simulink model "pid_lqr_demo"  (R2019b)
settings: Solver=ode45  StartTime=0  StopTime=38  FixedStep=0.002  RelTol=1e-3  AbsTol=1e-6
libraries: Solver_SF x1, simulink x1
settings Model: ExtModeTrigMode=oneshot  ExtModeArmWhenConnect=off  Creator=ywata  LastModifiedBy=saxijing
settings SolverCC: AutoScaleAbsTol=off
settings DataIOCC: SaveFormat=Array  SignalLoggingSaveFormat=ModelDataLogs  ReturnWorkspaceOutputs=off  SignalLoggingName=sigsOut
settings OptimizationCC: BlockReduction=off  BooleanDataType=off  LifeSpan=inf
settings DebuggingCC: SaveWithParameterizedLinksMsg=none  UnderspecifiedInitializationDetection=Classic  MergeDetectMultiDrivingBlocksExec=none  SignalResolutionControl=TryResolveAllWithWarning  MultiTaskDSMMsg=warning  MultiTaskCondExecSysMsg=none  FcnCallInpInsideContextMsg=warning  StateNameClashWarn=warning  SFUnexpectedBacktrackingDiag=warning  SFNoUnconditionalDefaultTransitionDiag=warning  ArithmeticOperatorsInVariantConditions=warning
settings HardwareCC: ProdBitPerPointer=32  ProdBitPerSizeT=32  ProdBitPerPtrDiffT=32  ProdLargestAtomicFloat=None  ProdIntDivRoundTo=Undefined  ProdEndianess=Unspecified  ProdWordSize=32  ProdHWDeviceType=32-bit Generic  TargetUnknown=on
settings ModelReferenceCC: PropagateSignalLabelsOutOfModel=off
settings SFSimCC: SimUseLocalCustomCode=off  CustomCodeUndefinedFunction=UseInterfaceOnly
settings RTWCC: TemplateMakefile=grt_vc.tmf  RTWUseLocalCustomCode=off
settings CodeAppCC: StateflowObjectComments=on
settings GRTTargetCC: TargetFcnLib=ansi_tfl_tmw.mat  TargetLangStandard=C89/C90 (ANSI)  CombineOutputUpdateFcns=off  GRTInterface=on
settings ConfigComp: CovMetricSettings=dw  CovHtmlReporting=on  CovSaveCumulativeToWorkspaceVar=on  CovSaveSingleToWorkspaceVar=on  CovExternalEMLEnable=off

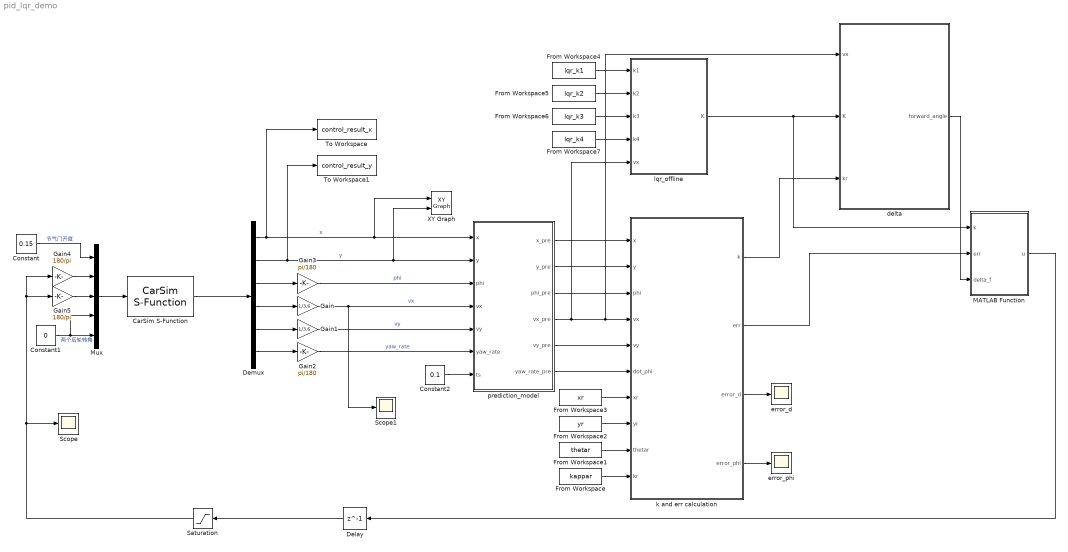
== system pid_lqr_demo ==
  CarSim S-Function : Solver_SF/CarSim S-Function  Priority=1  VehicleCode=i_i  SIMFILE=simfile.sim
  Constant : Constant  Value=0.15
  Constant1 : Constant  Value=0
  Constant2 : Constant  Value=0.1
  Delay : Delay  DelayLength=1
  Demux : Demux  Outputs=6
  From Workspace : FromWorkspace  VariableName=kappar  SampleTime=0
  From Workspace1 : FromWorkspace  VariableName=thetar  SampleTime=0
  From Workspace2 : FromWorkspace  VariableName=yr  SampleTime=0
  From Workspace3 : FromWorkspace  VariableName=xr  SampleTime=0
  From Workspace4 : FromWorkspace  VariableName=lqr_k1  SampleTime=0
  From Workspace5 : FromWorkspace  VariableName=lqr_k2  SampleTime=0
  From Workspace6 : FromWorkspace  VariableName=lqr_k3  SampleTime=0
  From Workspace7 : FromWorkspace  VariableName=lqr_k4  SampleTime=0
  Gain : Gain  Gain=1/3.6
  Gain1 : Gain  Gain=1/3.6
  Gain2 : Gain  Gain=pi/180
  Gain3 : Gain  Gain=pi/180
  Gain4 : Gain  Gain=180/pi
  Gain5 : Gain  Gain=180/pi
  MATLAB Function : MATLAB Function  TreatAsAtomicUnit=on
  Mux : Mux  Inputs=5
  Saturation : Saturate  UpperLimit=0.69  LowerLimit=-0.69
  Scope : Scope
  Scope1 : Scope
  To Workspace : ToWorkspace  VariableName=control_result_x  SampleTime=-1
  To Workspace1 : ToWorkspace  VariableName=control_result_y  SampleTime=-1
  XY Graph : simulink/Sinks/XY Graph  xmin=-20  xmax=80  ymin=-10  ymax=60  st=-1
  delta : MATLAB Function  TreatAsAtomicUnit=on
  error_d : Scope
  error_phi : Scope
  k and err calculation : MATLAB Function  TreatAsAtomicUnit=on
  lqr_offline : MATLAB Function  TreatAsAtomicUnit=on
  prediction_model : MATLAB Function  TreatAsAtomicUnit=on
  wires:
  Mux/1 -> CarSim S-Function/1
  CarSim S-Function/1 -> Demux/1
  Demux/4 -> Gain/1
  Demux/5 -> Gain1/1
  Demux/6 -> Gain2/1
  Demux/2 -> To Workspace1/1, XY Graph/2, prediction_model/2(y)  "y"
  Demux/1 -> To Workspace/1, XY Graph/1, prediction_model/1(x)  "x"
  Gain/1 -> Scope1/1, prediction_model/4(vx)  "vx"
  Gain1/1 -> prediction_model/5(vy)  "vy"
  Gain2/1 -> prediction_model/6(yaw_rate)  "yaw_rate"
  Demux/3 -> Gain3/1
  Gain3/1 -> prediction_model/3(phi)  "phi"
  Constant2/1 -> prediction_model/7(ts)
  prediction_model/6(yaw_rate_pre) -> k and err calculation/6(dot_phi)
  prediction_model/5(vy_pre) -> k and err calculation/5(vy)
  prediction_model/4(vx_pre) -> lqr_offline/5(vx), delta/1(vx), k and err calculation/4(vx)
  prediction_model/2(y_pre) -> k and err calculation/2(y)
  prediction_model/1(x_pre) -> k and err calculation/1(x)
  prediction_model/3(phi_pre) -> k and err calculation/3(phi)
  From Workspace3/1 -> k and err calculation/7(xr)
  From Workspace2/1 -> k and err calculation/8(yr)
  From Workspace1/1 -> k and err calculation/9(thetar)
  From Workspace/1 -> k and err calculation/10(kr)
  From Workspace7/1 -> lqr_offline/4(k4)
  From Workspace6/1 -> lqr_offline/3(k3)
  From Workspace5/1 -> lqr_offline/2(k2)
  From Workspace4/1 -> lqr_offline/1(k1)
  lqr_offline/1(K) -> MATLAB Function/1(k), delta/2(K)
  k and err calculation/1(k) -> delta/3(kr)
  k and err calculation/2(err) -> MATLAB Function/2(err)
  delta/1(forward_angle) -> MATLAB Function/3(delta_f)
  MATLAB Function/1(u) -> Delay/1
  Gain4/1 -> Mux/2
  Gain5/1 -> Mux/3
  Delay/1 -> Saturation/1
  Constant/1 -> Mux/1  "节气门开度"
  Constant1/1 -> Mux/4, Mux/5  "两个后轮转角"
  Saturation/1 -> Gain5/1, Gain4/1, Scope/1
  k and err calculation/3(error_d) -> error_d/1
  k and err calculation/4(error_phi) -> error_phi/1

== matlab function pid_lqr_demo/k and err calculation ==
  data: x input; k output; y input; phi input; vx input; vy input; dot_phi input; xr input; yr input; thetar input; kr input; err output; error_d output; error_phi output
function [k,err,error_d,error_phi]=fcn(x,y,phi,vx,vy,dot_phi,xr,yr,thetar,kr)
    len=length(xr);
    d_min=(x-xr(1))^2+(y-yr(1))^2;
    match_id=1;
    for i=1:len
        d=(x-xr(i))^2+(y-yr(i))^2;
        if d<d_min
            d_min=d;
            match_id=i;
        end
    end
    tor=[cos(thetar(match_id)),sin(thetar(match_id))]';
    nor=[-sin(thetar(match_id)),cos(thetar(match_id))]';
    d_err=[x-xr(match_id),y-yr(match_id)]';
    error_d=nor'*d_err;
    error_s=tor'*d_err;
    projection_theta=thetar(match_id)+kr(match_id)*error_s;
    dot_error_d=vy*cos(phi-projection_theta)+vx*sin(phi-projection_theta);
    %suppose phi=sin phi,in case of 2*pi
    error_phi=sin(phi-projection_theta);
    dot_s=(vx*cos(phi-projection_theta)-vy*sin(phi-projection_theta))/(1-kr(match_id)*error_d);
    dot_error_phi=dot_phi-kr(match_id)*dot_s;
    k=kr(match_id);
    err=[error_d;dot_error_d;error_phi;dot_error_phi];
end

== matlab function pid_lqr_demo/prediction_model ==
  data: x input; x_pre output; y input; phi input; vx input; vy input; yaw_rate input; y_pre output; phi_pre output; vx_pre output; vy_pre output; yaw_rate_pre output; ts input
function [x_pre,y_pre,phi_pre,vx_pre,vy_pre,yaw_rate_pre]=fcn(x,y,phi,vx,vy,yaw_rate,ts)
    x_pre=x+vx*ts*cos(phi)-vy*ts*sin(phi);
    y_pre=y+vy*ts*cos(phi)+vx*ts*sin(phi);
    phi_pre=phi+yaw_rate*ts;
    vx_pre=vx;
    vy_pre=vy;
    yaw_rate_pre=yaw_rate;
end

== matlab function pid_lqr_demo/lqr_offline ==
  data: k1 input; K output; k2 input; k3 input; k4 input; vx input
function K  = fcn(k1,k2,k3,k4,vx)
    if abs(vx)<0.01
        K=[0,0,0,0]
    else
        index=round(vx/0.01);
        K=[k1(index),k2(index),k3(index),k4(index)];
    end
end

== matlab function pid_lqr_demo/delta ==
  data: vx input; forward_angle output; K input; kr input
function forward_angle = fcn(vx,K,kr)
    cf=-110000;
    cr=cf;
    m=1270+71*2;
    a=1.015;
    b=2.910-1.015;
    Iz=1536.7;
    forward_angle=kr*(a+b-b*K(3)-(m*vx*vx/(a+b))*(b/cf+a*K(3)/cr-a/cr));
end

== matlab function pid_lqr_demo/MATLAB Function ==
  data: k input; u output; err input; delta_f input
function u = fcn(k,err,delta_f)
    u=-k*err+delta_f;
end

^^^^^^^^

● **Activity**:
Return, word for word, every line from the top of the entries down to the line that holds "settings DebuggingCC: SaveWithParameterizedLinksMsg=none", both included.

● **Finished task**:
simulink model "pid_lqr_demo"  (R2019b)
settings: Solver=ode45  StartTime=0  StopTime=38  FixedStep=0.002  RelTol=1e-3  AbsTol=1e-6
libraries: Solver_SF x1, simulink x1
settings Model: ExtModeTrigMode=oneshot  ExtModeArmWhenConnect=off  Creator=ywata  LastModifiedBy=saxijing
settings SolverCC: AutoScaleAbsTol=off
settings DataIOCC: SaveFormat=Array  SignalLoggingSaveFormat=ModelDataLogs  ReturnWorkspaceOutputs=off  SignalLoggingName=sigsOut
settings OptimizationCC: BlockReduction=off  BooleanDataType=off  LifeSpan=inf
settings DebuggingCC: SaveWithParameterizedLinksMsg=none  UnderspecifiedInitializationDetection=Classic  MergeDetectMultiDrivingBlocksExec=none  SignalResolutionControl=TryResolveAllWithWarning  MultiTaskDSMMsg=warning  MultiTaskCondExecSysMsg=none  FcnCallInpInsideContextMsg=warning  StateNameClashWarn=warning  SFUnexpectedBacktrackingDiag=warning  SFNoUnconditionalDefaultTransitionDiag=warning  ArithmeticOperatorsInVariantConditions=warning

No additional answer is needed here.